This guest post was authored by Charlie Eriksen, Bugcrowd researcher and CTO of Adversary. Adversary delivers a platform that provides technical security training and education opportunities with a focus on hands-on learning. In this blog he’s sharing a fantastic write up about a Unicode vulnerability along with a lab for the Crowd to learn from.

At the end of November 2019, the team at Wisdom released details about a security flaw they had discovered in GitHub. In a Nov. 28, 2019 blog post they outlined how they were able to utilize a Case Mapping Collision in Unicode in order to trigger a password reset email to be delivered to the wrong email address. On a side note, if you want to learn far more about Unicode than you ever wished to, we recommend taking a look at Wisdom’s Unicode bible.

As a researcher, you often hear about some cool vulnerability that somebody found. To be able to find and exploit especially new vulnerability classes, having hands-on experience with it is a huge benefit. Otherwise it’s a bit of a chicken and egg problem. If you haven’t exploited a vulnerability class before, it’s hard to find it. If you haven’t found it in the wild before, it’s hard to exploit it.

So, we put together a lab demonstrating this vulnerability for the whole community to play with. Given that this vulnerability class is only starting to get exposure, it’s important for researchers to have the ability to practice exploitation against vulnerabilities in a safe environment. As a co-founder of Adversary, I’m personally excited to put out content that helps educate the Crowd. Hopefully somebody will be able to put what they’ve learned to use and submit some cool findings to their favorite programs.

Enter Unicode

Unicode is not just the standard that gave us emojis everywhere. It’s the standard which creates a character set encompassing all characters/symbols you could possibly imagine, ensuring that everybody can express themselves using a single character set. Whether that’s the Icelandic þ, or the Turkish dotless i: ı.

Indeed, this letter really puts the dot on the “i” in terms of why it’s important to understand Unicode. As a result of how many characters Unicode has, which most other character sets do not have, a way of converting characters to another “equivalent” character is needed in many cases. For instance, it seems sensible that if you convert a Unicode string with a dotless “i” to ASCII, that it should simply turn into an “i”, right?

Where it goes wrong

To illustrate the vulnerability in question, let’s look at an example of code that would have this same vulnerability:

The logic goes something like this:

  1. It gets the email provided by the user and uppercases the email for consistency
  2. It checks if the email exists in the database
  3. If it does, then it will set a new temporary password (You shouldn’t do this. Instead, use a link with a token that allows for resetting the password)
  4. It then sends an email to the email fetched in step 1 with the password (You shouldn’t do this for multiple reasons)

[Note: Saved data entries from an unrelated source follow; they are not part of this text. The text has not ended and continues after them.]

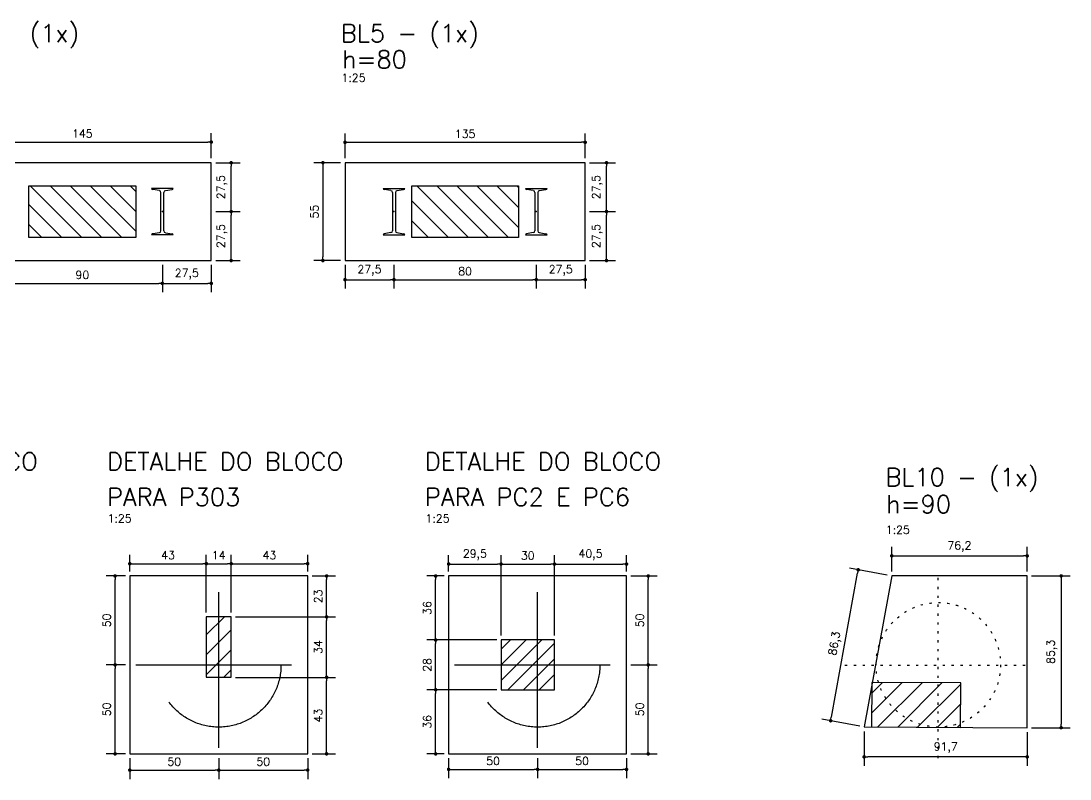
# Model space of a CAD drawing. Extents: x -15987 to 10953, y -16747 to -1189.
# Drawn here: x 9774 to 10953, y -15505 to -14652 of the extents above; entities that cross this region are included whole.
import ezdxf

# ---------------------------------------------------------------- set-up
doc = ezdxf.new("R2010")
doc.units = 0
doc.header["$LTSCALE"] = 25
doc.linetypes.add('ESTILO_TQS_0002', pattern=[0.4, 0.1, -0.3])
for name, color, linetype in [('228', 7, 'Continuous'), ('BLOCO', 3, 'Continuous'), ('COTA', 1, 'Continuous'), ('ESTACA', 1, 'ESTILO_TQS_0002'), ('H5', 1, 'Continuous'), ('P-N', 5, 'Continuous'), ('P-S', 5, 'Continuous'), ('PROJ', 252, 'Continuous'), ('SOLO-FUNDAÇOES', 7, 'Continuous'), ('T1', 2, 'Continuous'), ('T3', 4, 'Continuous')]:
    doc.layers.add(name, color=color, linetype=linetype)
doc.styles.add('COTA', font='romans.shx')
doc.styles.add('Texto1', font='romans.shx', dxfattribs={"height": 9})
doc.styles.add('Texto3', font='romans.shx', dxfattribs={"height": 20})
doc.dimstyles.new('forma', dxfattribs={"dimscale": 5, "dimtxt": 1.8, "dimasz": 0.8, "dimexe": 2, "dimexo": 1, "dimgap": 1, "dimtad": 1, "dimdec": 1, "dimzin": 9, "dimtxsty": 'COTA', "dimblk1": 'DOT', "dimblk2": 'DOT', "dimsah": 1, "dimcen": 0, "dimdle": 1, "dimclrd": 256, "dimclre": 256, "dimclrt": 2, "dimadec": 0, "dimazin": 0, "dimtfac": 1, "dimtdec": 0, "dimtmove": 0, "dimatfit": 3, "dimfxl": 1, "dimtolj": 1, "dimtzin": 0, "dimarcsym": 0})

# ---------------------------------------------------------------- blocks, each defined once
blk = doc.blocks.new('perfilW250x38-5')
at = {"layer": 'PROJ', "linetype": 'Continuous'}
for p, q in [((0.0856, 0.0655), (0.2064, 0.0655)), ((0.1292, 0.0536), (0.0918, 0.0594)), ((0.1629, 0.0536), (0.2003, 0.0594)), ((0.1378, 0.0434), (0.1378, -0.1724)), ((0.1542, 0.0434), (0.1542, -0.1724)), ((0.0856, -0.1945), (0.2064, -0.1945)), ((0.1292, -0.1825), (0.0918, -0.1883)), ((0.1629, -0.1825), (0.2003, -0.1883))]:
    blk.add_line(p, q, dxfattribs=at)
for centre, radius, start, end in [((0.0918, 0.0655), 0.00614, 180, 270), ((0.2003, 0.0655), 0.00614, 270, 0), ((0.1276, 0.0434), 0.0102, 0, 81.15819), ((0.1644, 0.0434), 0.0102, 98.84181, 180), ((0.1276, -0.1724), 0.0102, 278.84181, 0), ((0.1644, -0.1724), 0.0102, 180, 261.15819), ((0.0918, -0.1945), 0.00614, 90, 180), ((0.2003, -0.1945), 0.00614, 0, 90)]:
    blk.add_arc(centre, radius, start, end, dxfattribs=at)
at = {"layer": 'PROJ'}
blk.add_point((0.146, -0.0645), dxfattribs=at)
blk = doc.blocks.new('_Dot')
at = {"color": 0, "linetype": 'ByBlock', "lineweight": -2}
blk.add_line((-0.5, 0), (-1, 0), dxfattribs=at)
at = {"color": 0, "linetype": 'ByBlock', "const_width": 0.5}
blk.add_lwpolyline([(-0.25, 0, 1), (0.25, 0, 1)], format="xyb", close=True, dxfattribs=at)
blk = doc.blocks.new('*D462')
at = {"layer": 'COTA', "lineweight": -2, "transparency": 16777216}
for p, q in [((9697.8, -14806.7), (9697.8, -14778.5)), ((9987.8, -14806.7), (9987.8, -14778.5)), ((9701.8, -14788.5), (9983.8, -14788.5))]:
    blk.add_line(p, q, dxfattribs=at)
at = {"layer": 'Defpoints', "color": 0, "transparency": 16777216}
for p in [(9987.8, -14788.5), (9697.8, -14811.7), (9987.8, -14811.7)]:
    blk.add_point(p, dxfattribs=at)
at = {"layer": 'COTA', "lineweight": -2, "transparency": 16777216, "xscale": 4, "yscale": 4, "zscale": 4, "rotation": 180}
blk.add_blockref('_Dot', (9697.8, -14788.5), dxfattribs=at)
at = {"layer": 'COTA', "lineweight": -2, "transparency": 16777216, "xscale": 4, "yscale": 4, "zscale": 4}
blk.add_blockref('_Dot', (9987.8, -14788.5), dxfattribs=at)
at = {"layer": 'COTA', "color": 2, "transparency": 16777216, "insert": (9842.8, -14779), "char_height": 9, "attachment_point": 5, "style": 'COTA'}
blk.add_mtext('\\A1;145', dxfattribs=at)
blk = doc.blocks.new('*D464')
at = {"layer": 'COTA', "lineweight": -2, "transparency": 16777216}
for p, q in [((10138.2, -14806.7), (10138.2, -14778.8)), ((10408.2, -14806.7), (10408.2, -14778.8)), ((10142.2, -14788.8), (10404.2, -14788.8))]:
    blk.add_line(p, q, dxfattribs=at)
at = {"layer": 'Defpoints', "color": 0, "transparency": 16777216}
for p in [(10408.2, -14788.8), (10138.2, -14811.7), (10408.2, -14811.7)]:
    blk.add_point(p, dxfattribs=at)
at = {"layer": 'COTA', "lineweight": -2, "transparency": 16777216, "xscale": 4, "yscale": 4, "zscale": 4, "rotation": 180}
blk.add_blockref('_Dot', (10138.2, -14788.8), dxfattribs=at)
at = {"layer": 'COTA', "lineweight": -2, "transparency": 16777216, "xscale": 4, "yscale": 4, "zscale": 4}
blk.add_blockref('_Dot', (10408.2, -14788.8), dxfattribs=at)
at = {"layer": 'COTA', "color": 2, "transparency": 16777216, "insert": (10273.2, -14779.3), "char_height": 9, "attachment_point": 5, "style": 'COTA'}
blk.add_mtext('\\A1;135', dxfattribs=at)
blk = doc.blocks.new('*D465')
at = {"layer": 'COTA', "lineweight": -2, "transparency": 16777216}
for p, q in [((10133.2, -14811.7), (10103.3, -14811.7)), ((10113.3, -14815.7), (10113.3, -14917.7)), ((10133.2, -14921.7), (10103.3, -14921.7))]:
    blk.add_line(p, q, dxfattribs=at)
at = {"layer": 'Defpoints', "color": 0, "transparency": 16777216}
for p in [(10138.2, -14811.7), (10113.3, -14921.7), (10138.2, -14921.7)]:
    blk.add_point(p, dxfattribs=at)
at = {"layer": 'COTA', "lineweight": -2, "transparency": 16777216, "xscale": 4, "yscale": 4, "zscale": 4}
for p, rotation in [((10113.3, -14811.7), 90), ((10113.3, -14921.7), 270)]:
    blk.add_blockref('_Dot', p, dxfattribs=dict(at, rotation=rotation))
at = {"layer": 'COTA', "color": 2, "transparency": 16777216, "insert": (10103.8, -14866.7), "char_height": 9, "attachment_point": 5, "rotation": 90, "style": 'COTA'}
blk.add_mtext('\\A1;55', dxfattribs=at)
blk = doc.blocks.new('*D444')
at = {"layer": 'COTA', "lineweight": -2, "transparency": 16777216}
for p, q in [((9752.8, -14926.7), (9752.8, -14957.4)), ((9932.8, -14926.7), (9932.8, -14957.4)), ((9756.8, -14947.4), (9928.8, -14947.4))]:
    blk.add_line(p, q, dxfattribs=at)
at = {"layer": 'Defpoints', "color": 0, "transparency": 16777216}
for p in [(9752.8, -14921.7), (9932.8, -14921.7), (9932.8, -14947.4)]:
    blk.add_point(p, dxfattribs=at)
at = {"layer": 'COTA', "lineweight": -2, "transparency": 16777216, "xscale": 4, "yscale": 4, "zscale": 4, "rotation": 180}
blk.add_blockref('_Dot', (9752.8, -14947.4), dxfattribs=at)
at = {"layer": 'COTA', "lineweight": -2, "transparency": 16777216, "xscale": 4, "yscale": 4, "zscale": 4}
blk.add_blockref('_Dot', (9932.8, -14947.4), dxfattribs=at)
at = {"layer": 'COTA', "color": 2, "transparency": 16777216, "insert": (9842.8, -14937.9), "char_height": 9, "attachment_point": 5, "style": 'COTA'}
blk.add_mtext('\\A1;90 ', dxfattribs=at)
blk = doc.blocks.new('*D449')
at = {"layer": 'COTA', "lineweight": -2, "transparency": 16777216}
for p, q in [((9932.8, -14926.7), (9932.8, -14957.4)), ((9987.8, -14926.7), (9987.8, -14957.4)), ((9936.8, -14947.4), (9983.8, -14947.4))]:
    blk.add_line(p, q, dxfattribs=at)
at = {"layer": 'Defpoints', "color": 0, "transparency": 16777216}
for p in [(9932.8, -14921.7), (9987.8, -14921.7), (9987.8, -14947.4)]:
    blk.add_point(p, dxfattribs=at)
at = {"layer": 'COTA', "lineweight": -2, "transparency": 16777216, "xscale": 4, "yscale": 4, "zscale": 4, "rotation": 180}
blk.add_blockref('_Dot', (9932.8, -14947.4), dxfattribs=at)
at = {"layer": 'COTA', "lineweight": -2, "transparency": 16777216, "xscale": 4, "yscale": 4, "zscale": 4}
blk.add_blockref('_Dot', (9987.8, -14947.4), dxfattribs=at)
at = {"layer": 'COTA', "color": 2, "transparency": 16777216, "insert": (9960.3, -14937), "char_height": 9, "attachment_point": 5, "style": 'COTA'}
blk.add_mtext('\\A1;27,5 ', dxfattribs=at)
blk = doc.blocks.new('*D450')
at = {"layer": 'COTA', "lineweight": -2, "transparency": 16777216}
for p, q in [((10138.2, -14926.7), (10138.2, -14953.2)), ((10193.2, -14926.7), (10193.2, -14953.2)), ((10142.2, -14943.2), (10189.2, -14943.2))]:
    blk.add_line(p, q, dxfattribs=at)
at = {"layer": 'Defpoints', "color": 0, "transparency": 16777216}
for p in [(10138.2, -14921.7), (10193.2, -14921.7), (10193.2, -14943.2)]:
    blk.add_point(p, dxfattribs=at)
at = {"layer": 'COTA', "lineweight": -2, "transparency": 16777216, "xscale": 4, "yscale": 4, "zscale": 4, "rotation": 180}
blk.add_blockref('_Dot', (10138.2, -14943.2), dxfattribs=at)
at = {"layer": 'COTA', "lineweight": -2, "transparency": 16777216, "xscale": 4, "yscale": 4, "zscale": 4}
blk.add_blockref('_Dot', (10193.2, -14943.2), dxfattribs=at)
at = {"layer": 'COTA', "color": 2, "transparency": 16777216, "insert": (10165.7, -14932.9), "char_height": 9, "attachment_point": 5, "style": 'COTA'}
blk.add_mtext('\\A1;27,5 ', dxfattribs=at)
blk = doc.blocks.new('*D445')
at = {"layer": 'COTA', "lineweight": -2, "transparency": 16777216}
for p, q in [((10193.2, -14926.7), (10193.2, -14953.2)), ((10353.2, -14926.7), (10353.2, -14953.2)), ((10197.2, -14943.2), (10349.2, -14943.2))]:
    blk.add_line(p, q, dxfattribs=at)
at = {"layer": 'Defpoints', "color": 0, "transparency": 16777216}
for p in [(10193.2, -14921.7), (10353.2, -14921.7), (10353.2, -14943.2)]:
    blk.add_point(p, dxfattribs=at)
at = {"layer": 'COTA', "lineweight": -2, "transparency": 16777216, "xscale": 4, "yscale": 4, "zscale": 4, "rotation": 180}
blk.add_blockref('_Dot', (10193.2, -14943.2), dxfattribs=at)
at = {"layer": 'COTA', "lineweight": -2, "transparency": 16777216, "xscale": 4, "yscale": 4, "zscale": 4}
blk.add_blockref('_Dot', (10353.2, -14943.2), dxfattribs=at)
at = {"layer": 'COTA', "color": 2, "transparency": 16777216, "insert": (10273.2, -14933.7), "char_height": 9, "attachment_point": 5, "style": 'COTA'}
blk.add_mtext('\\A1;80 ', dxfattribs=at)
blk = doc.blocks.new('*D451')
at = {"layer": 'COTA', "lineweight": -2, "transparency": 16777216}
for p, q in [((10353.2, -14926.7), (10353.2, -14953.2)), ((10408.2, -14926.7), (10408.2, -14953.2)), ((10357.2, -14943.2), (10404.2, -14943.2))]:
    blk.add_line(p, q, dxfattribs=at)
at = {"layer": 'Defpoints', "color": 0, "transparency": 16777216}
for p in [(10353.2, -14921.7), (10408.2, -14921.7), (10408.2, -14943.2)]:
    blk.add_point(p, dxfattribs=at)
at = {"layer": 'COTA', "lineweight": -2, "transparency": 16777216, "xscale": 4, "yscale": 4, "zscale": 4, "rotation": 180}
blk.add_blockref('_Dot', (10353.2, -14943.2), dxfattribs=at)
at = {"layer": 'COTA', "lineweight": -2, "transparency": 16777216, "xscale": 4, "yscale": 4, "zscale": 4}
blk.add_blockref('_Dot', (10408.2, -14943.2), dxfattribs=at)
at = {"layer": 'COTA', "color": 2, "transparency": 16777216, "insert": (10380.7, -14932.9), "char_height": 9, "attachment_point": 5, "style": 'COTA'}
blk.add_mtext('\\A1;27,5 ', dxfattribs=at)
blk = doc.blocks.new('*D458')
at = {"layer": 'COTA', "lineweight": -2, "transparency": 16777216}
for p, q in [((10413.2, -14866.7), (10442.2, -14866.7)), ((10432.2, -14917.7), (10432.2, -14870.7)), ((10413.2, -14921.7), (10442.2, -14921.7))]:
    blk.add_line(p, q, dxfattribs=at)
at = {"layer": 'Defpoints', "color": 0, "transparency": 16777216}
for p in [(10408.2, -14866.7), (10432.2, -14866.7), (10408.2, -14921.7)]:
    blk.add_point(p, dxfattribs=at)
at = {"layer": 'COTA', "lineweight": -2, "transparency": 16777216, "xscale": 4, "yscale": 4, "zscale": 4}
for p, rotation in [((10432.2, -14866.7), 90), ((10432.2, -14921.7), 270)]:
    blk.add_blockref('_Dot', p, dxfattribs=dict(at, rotation=rotation))
at = {"layer": 'COTA', "color": 2, "transparency": 16777216, "insert": (10421.9, -14894.2), "char_height": 9, "attachment_point": 5, "rotation": 90, "style": 'COTA'}
blk.add_mtext('\\A1;27,5 ', dxfattribs=at)
blk = doc.blocks.new('*D459')
at = {"layer": 'COTA', "lineweight": -2, "transparency": 16777216}
for p, q in [((10413.2, -14811.7), (10442.2, -14811.7)), ((10432.2, -14862.7), (10432.2, -14815.7)), ((10413.2, -14866.7), (10442.2, -14866.7))]:
    blk.add_line(p, q, dxfattribs=at)
at = {"layer": 'Defpoints', "color": 0, "transparency": 16777216}
for p in [(10408.2, -14811.7), (10432.2, -14811.7), (10408.2, -14866.7)]:
    blk.add_point(p, dxfattribs=at)
at = {"layer": 'COTA', "lineweight": -2, "transparency": 16777216, "xscale": 4, "yscale": 4, "zscale": 4}
for p, rotation in [((10432.2, -14811.7), 90), ((10432.2, -14866.7), 270)]:
    blk.add_blockref('_Dot', p, dxfattribs=dict(at, rotation=rotation))
at = {"layer": 'COTA', "color": 2, "transparency": 16777216, "insert": (10421.9, -14839.2), "char_height": 9, "attachment_point": 5, "rotation": 90, "style": 'COTA'}
blk.add_mtext('\\A1;27,5 ', dxfattribs=at)
blk = doc.blocks.new('*D460')
at = {"layer": 'COTA', "lineweight": -2, "transparency": 16777216}
for p, q in [((9992.8, -14866.7), (10020.2, -14866.7)), ((10010.2, -14917.7), (10010.2, -14870.7)), ((9992.8, -14921.7), (10020.2, -14921.7))]:
    blk.add_line(p, q, dxfattribs=at)
at = {"layer": 'Defpoints', "color": 0, "transparency": 16777216}
for p in [(9987.8, -14866.7), (10010.2, -14866.7), (9987.8, -14921.7)]:
    blk.add_point(p, dxfattribs=at)
at = {"layer": 'COTA', "lineweight": -2, "transparency": 16777216, "xscale": 4, "yscale": 4, "zscale": 4}
for p, rotation in [((10010.2, -14866.7), 90), ((10010.2, -14921.7), 270)]:
    blk.add_blockref('_Dot', p, dxfattribs=dict(at, rotation=rotation))
at = {"layer": 'COTA', "color": 2, "transparency": 16777216, "insert": (9999.8, -14894.2), "char_height": 9, "attachment_point": 5, "rotation": 90, "style": 'COTA'}
blk.add_mtext('\\A1;27,5 ', dxfattribs=at)
blk = doc.blocks.new('*D461')
at = {"layer": 'COTA', "lineweight": -2, "transparency": 16777216}
for p, q in [((9992.8, -14811.7), (10020.2, -14811.7)), ((10010.2, -14862.7), (10010.2, -14815.7)), ((9992.8, -14866.7), (10020.2, -14866.7))]:
    blk.add_line(p, q, dxfattribs=at)
at = {"layer": 'Defpoints', "color": 0, "transparency": 16777216}
for p in [(9987.8, -14811.7), (10010.2, -14811.7), (9987.8, -14866.7)]:
    blk.add_point(p, dxfattribs=at)
at = {"layer": 'COTA', "lineweight": -2, "transparency": 16777216, "xscale": 4, "yscale": 4, "zscale": 4}
for p, rotation in [((10010.2, -14811.7), 90), ((10010.2, -14866.7), 270)]:
    blk.add_blockref('_Dot', p, dxfattribs=dict(at, rotation=rotation))
at = {"layer": 'COTA', "color": 2, "transparency": 16777216, "insert": (9999.8, -14839.2), "char_height": 9, "attachment_point": 5, "rotation": 90, "style": 'COTA'}
blk.add_mtext('\\A1;27,5 ', dxfattribs=at)
blk = doc.blocks.new('_EST70')
at = {"layer": 'ESTACA', "linetype": 'ESTILO_TQS_0002'}
for p, q in [((0, -1.333), (0, 1.333)), ((-1.333, 0), (1.333, 0))]:
    blk.add_line(p, q, dxfattribs=at)
blk.add_circle((0, 0), 1, dxfattribs=at)
blk = doc.blocks.new('*D544')
at = {"layer": 'COTA', "lineweight": -2, "transparency": 16777216}
for p, q in [((9896.2, -15481.3), (9896.2, -15504.6)), ((9996.2, -15481.3), (9996.2, -15504.6)), ((9900.2, -15494.6), (9992.2, -15494.6))]:
    blk.add_line(p, q, dxfattribs=at)
at = {"layer": 'Defpoints', "color": 0, "transparency": 16777216}
for p in [(9896.2, -15476.3), (9996.2, -15476.3), (9996.2, -15494.6)]:
    blk.add_point(p, dxfattribs=at)
at = {"layer": 'COTA', "lineweight": -2, "transparency": 16777216, "xscale": 4, "yscale": 4, "zscale": 4, "rotation": 180}
blk.add_blockref('_Dot', (9896.2, -15494.6), dxfattribs=at)
at = {"layer": 'COTA', "lineweight": -2, "transparency": 16777216, "xscale": 4, "yscale": 4, "zscale": 4}
blk.add_blockref('_Dot', (9996.2, -15494.6), dxfattribs=at)
at = {"layer": 'COTA', "color": 2, "transparency": 16777216, "insert": (9946.2, -15485.1), "char_height": 9, "attachment_point": 5, "style": 'COTA'}
blk.add_mtext('\\A1;50 ', dxfattribs=at)
blk = doc.blocks.new('*D545')
at = {"layer": 'COTA', "lineweight": -2, "transparency": 16777216}
for p, q in [((9996.2, -15481.3), (9996.2, -15504.6)), ((10096.2, -15481.3), (10096.2, -15504.6)), ((10000.2, -15494.6), (10092.2, -15494.6))]:
    blk.add_line(p, q, dxfattribs=at)
at = {"layer": 'Defpoints', "color": 0, "transparency": 16777216}
for p in [(9996.2, -15476.3), (10096.2, -15476.3), (10096.2, -15494.6)]:
    blk.add_point(p, dxfattribs=at)
at = {"layer": 'COTA', "lineweight": -2, "transparency": 16777216, "xscale": 4, "yscale": 4, "zscale": 4, "rotation": 180}
blk.add_blockref('_Dot', (9996.2, -15494.6), dxfattribs=at)
at = {"layer": 'COTA', "lineweight": -2, "transparency": 16777216, "xscale": 4, "yscale": 4, "zscale": 4}
blk.add_blockref('_Dot', (10096.2, -15494.6), dxfattribs=at)
at = {"layer": 'COTA', "color": 2, "transparency": 16777216, "insert": (10046.2, -15485.1), "char_height": 9, "attachment_point": 5, "style": 'COTA'}
blk.add_mtext('\\A1;50 ', dxfattribs=at)
blk = doc.blocks.new('*D546')
at = {"layer": 'COTA', "lineweight": -2, "transparency": 16777216}
for p, q in [((9891.2, -15376.3), (9869.7, -15376.3)), ((9879.7, -15472.3), (9879.7, -15380.3)), ((9891.2, -15476.3), (9869.7, -15476.3))]:
    blk.add_line(p, q, dxfattribs=at)
at = {"layer": 'Defpoints', "color": 0, "transparency": 16777216}
for p in [(9879.7, -15376.3), (9896.2, -15376.3), (9896.2, -15476.3)]:
    blk.add_point(p, dxfattribs=at)
at = {"layer": 'COTA', "lineweight": -2, "transparency": 16777216, "xscale": 4, "yscale": 4, "zscale": 4}
for p, rotation in [((9879.7, -15376.3), 90), ((9879.7, -15476.3), 270)]:
    blk.add_blockref('_Dot', p, dxfattribs=dict(at, rotation=rotation))
at = {"layer": 'COTA', "color": 2, "transparency": 16777216, "insert": (9870.2, -15426.3), "char_height": 9, "attachment_point": 5, "rotation": 90, "style": 'COTA'}
blk.add_mtext('\\A1;50 ', dxfattribs=at)
blk = doc.blocks.new('*D547')
at = {"layer": 'COTA', "lineweight": -2, "transparency": 16777216}
for p, q in [((9891.2, -15276.3), (9869.7, -15276.3)), ((9879.7, -15372.3), (9879.7, -15280.3)), ((9891.2, -15376.3), (9869.7, -15376.3))]:
    blk.add_line(p, q, dxfattribs=at)
at = {"layer": 'Defpoints', "color": 0, "transparency": 16777216}
for p in [(9879.7, -15276.3), (9896.2, -15276.3), (9896.2, -15376.3)]:
    blk.add_point(p, dxfattribs=at)
at = {"layer": 'COTA', "lineweight": -2, "transparency": 16777216, "xscale": 4, "yscale": 4, "zscale": 4}
for p, rotation in [((9879.7, -15276.3), 90), ((9879.7, -15376.3), 270)]:
    blk.add_blockref('_Dot', p, dxfattribs=dict(at, rotation=rotation))
at = {"layer": 'COTA', "color": 2, "transparency": 16777216, "insert": (9870.2, -15326.3), "char_height": 9, "attachment_point": 5, "rotation": 90, "style": 'COTA'}
blk.add_mtext('\\A1;50 ', dxfattribs=at)
blk = doc.blocks.new('*D548')
at = {"layer": 'COTA', "lineweight": -2, "transparency": 16777216}
for p, q in [((9896.2, -15271.3), (9896.2, -15252.5)), ((9900.2, -15262.5), (9978.2, -15262.5)), ((9982.2, -15317.3), (9982.2, -15252.5))]:
    blk.add_line(p, q, dxfattribs=at)
at = {"layer": 'Defpoints', "color": 0, "transparency": 16777216}
for p in [(9982.2, -15262.5), (9896.2, -15276.3), (9982.2, -15322.3)]:
    blk.add_point(p, dxfattribs=at)
at = {"layer": 'COTA', "lineweight": -2, "transparency": 16777216, "xscale": 4, "yscale": 4, "zscale": 4, "rotation": 180}
blk.add_blockref('_Dot', (9896.2, -15262.5), dxfattribs=at)
at = {"layer": 'COTA', "lineweight": -2, "transparency": 16777216, "xscale": 4, "yscale": 4, "zscale": 4}
blk.add_blockref('_Dot', (9982.2, -15262.5), dxfattribs=at)
at = {"layer": 'COTA', "color": 2, "transparency": 16777216, "insert": (9939.2, -15253), "char_height": 9, "attachment_point": 5, "style": 'COTA'}
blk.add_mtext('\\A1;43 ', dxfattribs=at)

Lets see what happens with the example provided in the original blog post, where a user requests a password reset for the email John@GıtHub.com (Note the dotless i):

  1. It converts John@Gıthub.com to JOHN@GITHUB.COM
  2. It looks that up in the database and finds the user JOHN@GITHUB.COM
  3. It generates a new password and sends it to John@Gıthub.com

Note that it ends up sending the email to the wrong email address. Oops!

How to fix this

The interesting aspect of this specific vulnerability is that there are multiple factors that make it vulnerable:

  1. There’s the actual unicode casting behaviour
  2. The logic determining email address to use (The user provided email address, versus the one in the database)

In theory, you can fix this specific issue in two ways as identified in the blog post from Wisdom:

  1. Convert the email to ASCII with punycode conversion
  2. Use the email address from the database rather than the one provided by the user

When it comes to hardening software, you want to have as many layers of defense in place as possible. For all we know, there may be other ways to exploit encoding about which we are not yet aware. Thus, it’s generally preferred to address both aspects and harden the code as much as possible. This greatly decreases risk.

What the community has done

The bug bounty community has been aware of this type of vulnerability for a while now. Tomnomnom low-key released a tool 2 years ago, unisub, which allows you to find unicode characters which might get converted into your chosen character.

0xSha released a case study of exploiting Django with unicode case transformations. He shows both the vulnerable code in the case of Django and how they addressed the issue. This goes to show that this type of issue is by no means well-explored in popular software. So understanding this type of vulnerability is important, since we will likely see a lot more vulnerabilities relating to character encoding. It’s especially worth noting that 0xSha shows that the actual behaviour differs between programming languages, so stay vigilant!